Prompt -> Scan the entries for the word "linetypes". Every line that has it should be copied.

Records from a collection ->
*** Block opens ***

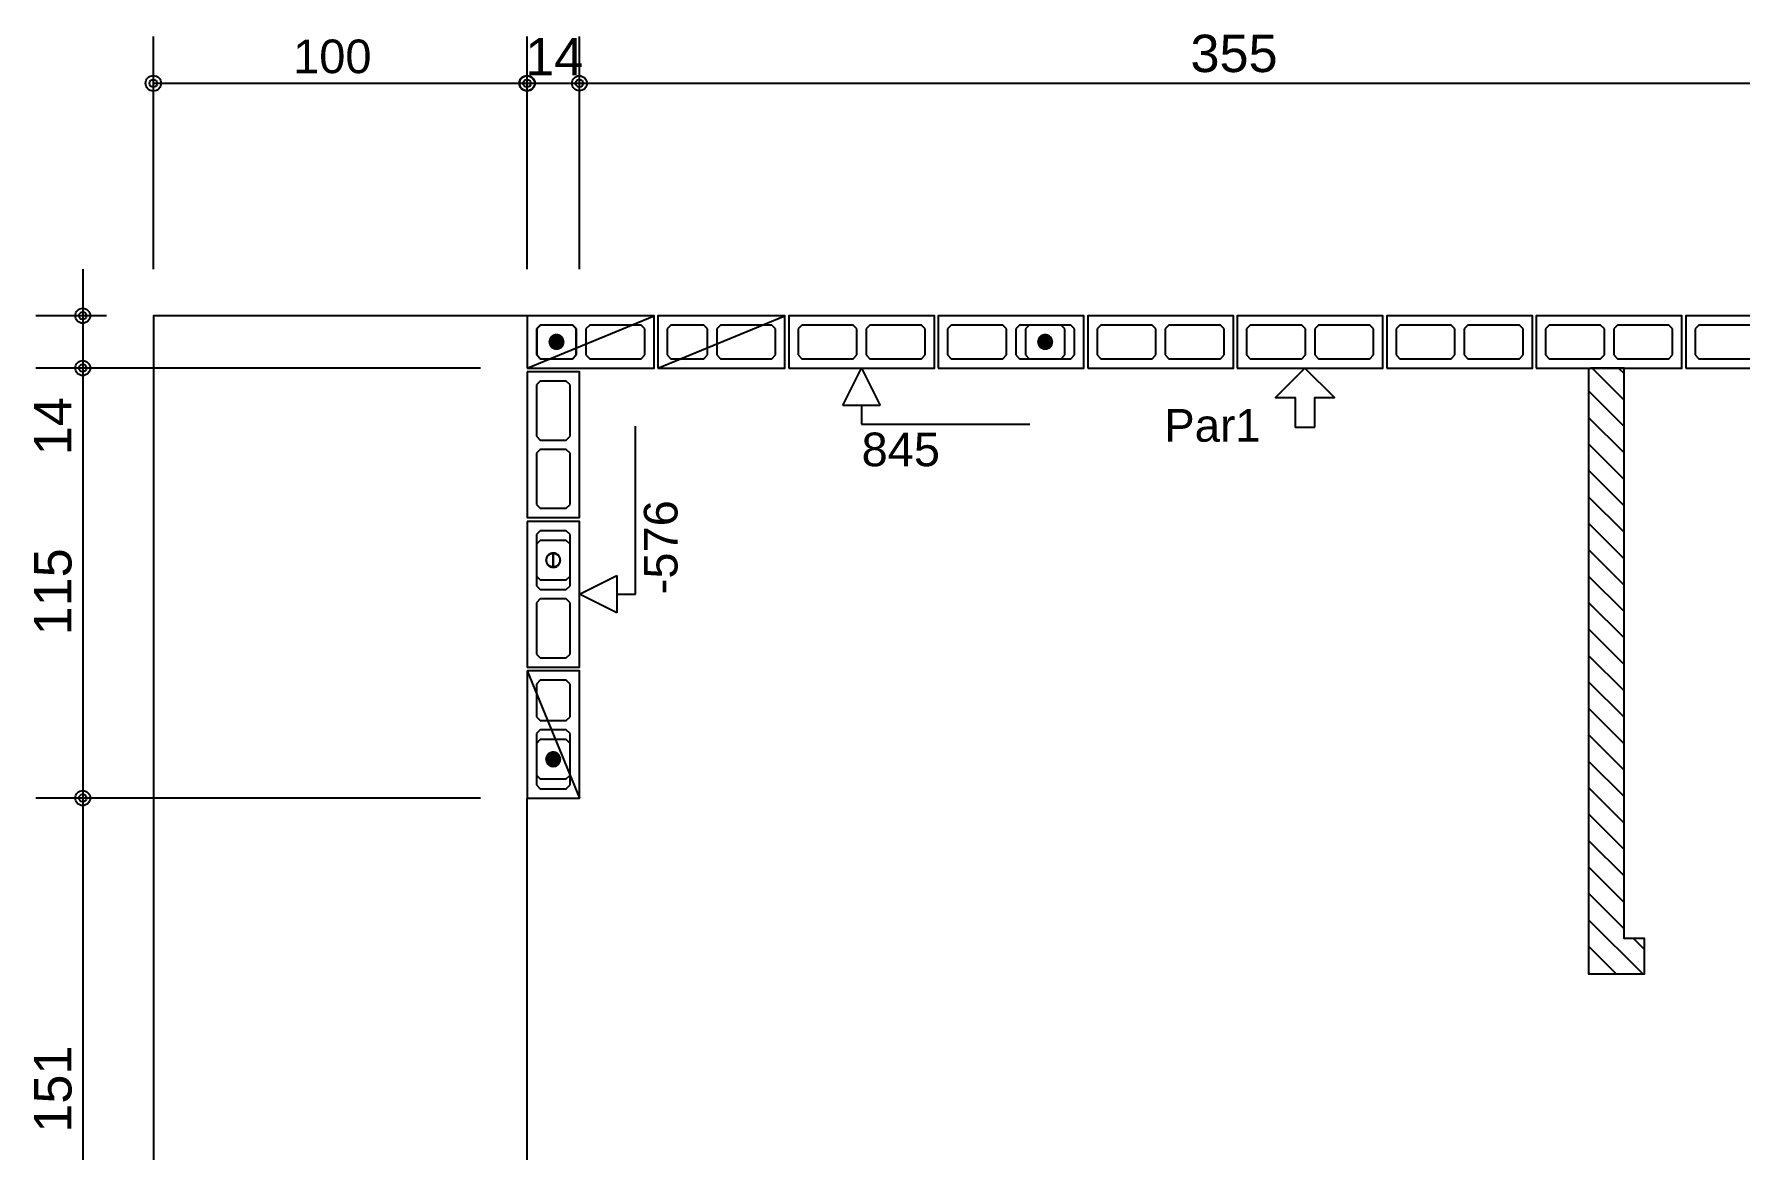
# Model space of a CAD drawing. Extents: x 0 to 119, y 0 to 84.
# Drawn here: x 14.9 to 24.02, y 68.04 to 74.01 of the extents above; entities that cross this region are included whole.
import ezdxf

# ---------------------------------------------------------------- set-up
doc = ezdxf.new("R2010")
doc.units = 0
doc.header["$MEASUREMENT"] = 0
doc.linetypes.add('ESTILO_TQS_0003', pattern=[1.5, 0.5, -0.4, 0.1, -0.5])
doc.linetypes.add('ESTILO_TQS_0005', pattern=[0.4, 0.3, -0.1])
for name, color, linetype in [('18', 6, 'CONTINUOUS'), ('20', 1, 'CONTINUOUS'), ('27', 250, 'CONTINUOUS'), ('29', 9, 'CONTINUOUS'), ('3', 7, 'CONTINUOUS'), ('35', 255, 'CONTINUOUS')]:
    doc.layers.add(name, color=color, linetype=linetype)
doc.styles.add('TQS_ARIAL', font='arial.ttf')

msp = doc.modelspace()

# ---------------------------------------------------------------- linework, layer by layer
at = {"layer": '18', "color": 6, "linetype": 'Continuous'}
for p, q in [((18.11366, 71.01668), (18.11366, 71.91668)), ((17.81366, 71.01668), (18.01366, 71.11668)), ((18.01366, 71.11668), (18.01366, 70.91668)), ((18.01366, 70.91668), (17.81366, 71.01668)), ((18.01366, 71.01668), (18.11366, 71.01668))]:
    msp.add_line(p, q, dxfattribs=at)
at = {"layer": '20', "color": 1, "linetype": 'Continuous'}
for p, q in [((19.22366, 72.02668), (19.32366, 72.22668)), ((19.32366, 72.22668), (19.42366, 72.02668)), ((19.42366, 72.02668), (19.22366, 72.02668)), ((19.32366, 72.02668), (19.32366, 71.92668)), ((19.32366, 71.92668), (20.22366, 71.92668))]:
    msp.add_line(p, q, dxfattribs=at)
at = {"layer": '27', "color": 250, "linetype": 'ESTILO_TQS_0005'}
for points in [[(17.58366, 72.29668), (17.60366, 72.27668), (17.77866, 72.27668), (17.79866, 72.29668), (17.79866, 72.43668), (17.77866, 72.45668), (17.60366, 72.45668), (17.58366, 72.43668), (17.58366, 72.29668)], [(17.84866, 72.29668), (17.86866, 72.27668), (18.14366, 72.27668), (18.16366, 72.29668), (18.16366, 72.43668), (18.14366, 72.45668), (17.86866, 72.45668), (17.84866, 72.43668), (17.84866, 72.29668)], [(18.28366, 72.29668), (18.30366, 72.27668), (18.47866, 72.27668), (18.49866, 72.29668), (18.49866, 72.43668), (18.47866, 72.45668), (18.30366, 72.45668), (18.28366, 72.43668), (18.28366, 72.29668)], [(18.54866, 72.29668), (18.56866, 72.27668), (18.84366, 72.27668), (18.86366, 72.29668), (18.86366, 72.43668), (18.84366, 72.45668), (18.56866, 72.45668), (18.54866, 72.43668), (18.54866, 72.29668)], [(18.98366, 72.29668), (19.00366, 72.27668), (19.27866, 72.27668), (19.29866, 72.29668), (19.29866, 72.43668), (19.27866, 72.45668), (19.00366, 72.45668), (18.98366, 72.43668), (18.98366, 72.29668)], [(19.34866, 72.29668), (19.36866, 72.27668), (19.64366, 72.27668), (19.66366, 72.29668), (19.66366, 72.43668), (19.64366, 72.45668), (19.36866, 72.45668), (19.34866, 72.43668), (19.34866, 72.29668)], [(19.78366, 72.29668), (19.80366, 72.27668), (20.07866, 72.27668), (20.09866, 72.29668), (20.09866, 72.43668), (20.07866, 72.45668), (19.80366, 72.45668), (19.78366, 72.43668), (19.78366, 72.29668)], [(20.14866, 72.29668), (20.16866, 72.27668), (20.44366, 72.27668), (20.46366, 72.29668), (20.46366, 72.43668), (20.44366, 72.45668), (20.16866, 72.45668), (20.14866, 72.43668), (20.14866, 72.29668)], [(20.58366, 72.29668), (20.60366, 72.27668), (20.87866, 72.27668), (20.89866, 72.29668), (20.89866, 72.43668), (20.87866, 72.45668), (20.60366, 72.45668), (20.58366, 72.43668), (20.58366, 72.29668)], [(20.94866, 72.29668), (20.96866, 72.27668), (21.24366, 72.27668), (21.26366, 72.29668), (21.26366, 72.43668), (21.24366, 72.45668), (20.96866, 72.45668), (20.94866, 72.43668), (20.94866, 72.29668)], [(21.38366, 72.29668), (21.40366, 72.27668), (21.67866, 72.27668), (21.69866, 72.29668), (21.69866, 72.43668), (21.67866, 72.45668), (21.40366, 72.45668), (21.38366, 72.43668), (21.38366, 72.29668)], [(21.74866, 72.29668), (21.76866, 72.27668), (22.04366, 72.27668), (22.06366, 72.29668), (22.06366, 72.43668), (22.04366, 72.45668), (21.76866, 72.45668), (21.74866, 72.43668), (21.74866, 72.29668)], [(22.18366, 72.29668), (22.20366, 72.27668), (22.47866, 72.27668), (22.49866, 72.29668), (22.49866, 72.43668), (22.47866, 72.45668), (22.20366, 72.45668), (22.18366, 72.43668), (22.18366, 72.29668)], [(22.54866, 72.29668), (22.56866, 72.27668), (22.84366, 72.27668), (22.86366, 72.29668), (22.86366, 72.43668), (22.84366, 72.45668), (22.56866, 72.45668), (22.54866, 72.43668), (22.54866, 72.29668)], [(22.98366, 72.29668), (23.00366, 72.27668), (23.27866, 72.27668), (23.29866, 72.29668), (23.29866, 72.43668), (23.27866, 72.45668), (23.00366, 72.45668), (22.98366, 72.43668), (22.98366, 72.29668)], [(23.34866, 72.29668), (23.36866, 72.27668), (23.64366, 72.27668), (23.66366, 72.29668), (23.66366, 72.43668), (23.64366, 72.45668), (23.36866, 72.45668), (23.34866, 72.43668), (23.34866, 72.29668)], [(23.78366, 72.29668), (23.80366, 72.27668), (24.07866, 72.27668), (24.09866, 72.29668), (24.09866, 72.43668), (24.07866, 72.45668), (23.80366, 72.45668), (23.78366, 72.43668), (23.78366, 72.29668)], [(17.60366, 72.15668), (17.58366, 72.13668), (17.58366, 71.86168), (17.60366, 71.84168), (17.74366, 71.84168), (17.76366, 71.86168), (17.76366, 72.13668), (17.74366, 72.15668), (17.60366, 72.15668)], [(17.60366, 71.79168), (17.58366, 71.77168), (17.58366, 71.49668), (17.60366, 71.47668), (17.74366, 71.47668), (17.76366, 71.49668), (17.76366, 71.77168), (17.74366, 71.79168), (17.60366, 71.79168)], [(17.60366, 71.35668), (17.58366, 71.33668), (17.58366, 71.06168), (17.60366, 71.04168), (17.74366, 71.04168), (17.76366, 71.06168), (17.76366, 71.33668), (17.74366, 71.35668), (17.60366, 71.35668)], [(17.60366, 70.99168), (17.58366, 70.97168), (17.58366, 70.69668), (17.60366, 70.67668), (17.74366, 70.67668), (17.76366, 70.69668), (17.76366, 70.97168), (17.74366, 70.99168), (17.60366, 70.99168)], [(17.60366, 70.55668), (17.58366, 70.53668), (17.58366, 70.36168), (17.60366, 70.34168), (17.74366, 70.34168), (17.76366, 70.36168), (17.76366, 70.53668), (17.74366, 70.55668), (17.60366, 70.55668)], [(17.60366, 70.29168), (17.58366, 70.27168), (17.58366, 69.99668), (17.60366, 69.97668), (17.74366, 69.97668), (17.76366, 69.99668), (17.76366, 70.27168), (17.74366, 70.29168), (17.60366, 70.29168)]]:
    msp.add_lwpolyline(points, dxfattribs=at)
at = {"layer": '29', "color": 9, "linetype": 'Continuous'}
for p, q in [((23.232735, 72.22668), (23.403702, 72.055713)), ((23.374157, 72.22668), (23.403702, 72.197134)), ((23.213616, 72.104378), (23.403702, 71.914292)), ((23.213616, 71.962957), (23.403702, 71.77287)), ((23.213616, 71.821535), (23.403702, 71.631449)), ((23.213616, 71.680114), (23.403702, 71.490028)), ((23.213616, 71.538693), (23.403702, 71.348606)), ((23.213616, 71.397271), (23.403702, 71.207185)), ((23.213616, 71.25585), (23.403702, 71.065764)), ((23.213616, 71.114429), (23.403702, 70.924342)), ((23.213616, 70.973007), (23.403702, 70.782921)), ((23.213616, 70.831586), (23.403702, 70.6415)), ((23.213616, 70.690165), (23.403702, 70.500078)), ((23.213616, 70.548743), (23.403702, 70.358657)), ((23.213616, 70.407322), (23.403702, 70.217235)), ((23.213616, 70.2659), (23.403702, 70.075814)), ((23.213616, 70.124479), (23.403702, 69.934393)), ((23.213616, 69.983058), (23.403702, 69.792971)), ((23.213616, 69.841636), (23.403702, 69.65155)), ((23.213616, 69.700215), (23.403702, 69.510129)), ((23.213616, 69.558794), (23.403702, 69.368707)), ((23.213616, 69.417372), (23.403702, 69.227286)), ((23.213616, 69.275951), (23.503472, 68.986095)), ((23.213616, 69.13453), (23.362009, 68.986137)), ((23.454879, 69.176109), (23.513689, 69.1173)), ((23.213616, 68.993108), (23.220546, 68.986178))]:
    msp.add_line(p, q, dxfattribs=at)
msp.add_lwpolyline([(23.213616, 72.22668), (23.213616, 68.98618), (23.513658, 68.986092), (23.513702, 69.176109), (23.403702, 69.176109), (23.403702, 72.22668), (23.223702, 72.22668)], dxfattribs=at)
at = {"layer": '3', "color": 7, "linetype": 'Continuous'}
for p, q in [((17.53366, 72.22668), (18.21366, 72.50668)), ((18.23366, 72.22668), (18.91366, 72.50668)), ((17.60616, 72.45668), (17.58616, 72.43668)), ((17.58616, 72.43668), (17.58616, 72.29668)), ((17.77616, 72.45668), (17.60616, 72.45668)), ((17.79616, 72.43668), (17.77616, 72.45668)), ((17.79616, 72.29668), (17.79616, 72.43668)), ((20.22116, 72.45668), (20.20116, 72.43668)), ((20.20116, 72.43668), (20.20116, 72.29668)), ((20.39116, 72.45668), (20.22116, 72.45668)), ((20.41116, 72.43668), (20.39116, 72.45668)), ((20.41116, 72.29668), (20.41116, 72.43668)), ((17.58616, 72.29668), (17.60616, 72.27668)), ((17.77616, 72.27668), (17.79616, 72.29668)), ((20.20116, 72.29668), (20.22116, 72.27668)), ((20.39116, 72.27668), (20.41116, 72.29668)), ((17.60616, 72.27668), (17.77616, 72.27668)), ((20.22116, 72.27668), (20.39116, 72.27668)), ((17.60366, 71.30418), (17.58366, 71.28418)), ((17.74366, 71.30418), (17.60366, 71.30418)), ((17.76366, 71.28418), (17.74366, 71.30418)), ((17.58366, 71.28418), (17.58366, 71.11418)), ((17.76366, 71.11418), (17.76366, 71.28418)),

*** Block closes ***

Answer box ->
doc.linetypes.add('ESTILO_TQS_0003', pattern=[1.5, 0.5, -0.4, 0.1, -0.5])
doc.linetypes.add('ESTILO_TQS_0005', pattern=[0.4, 0.3, -0.1])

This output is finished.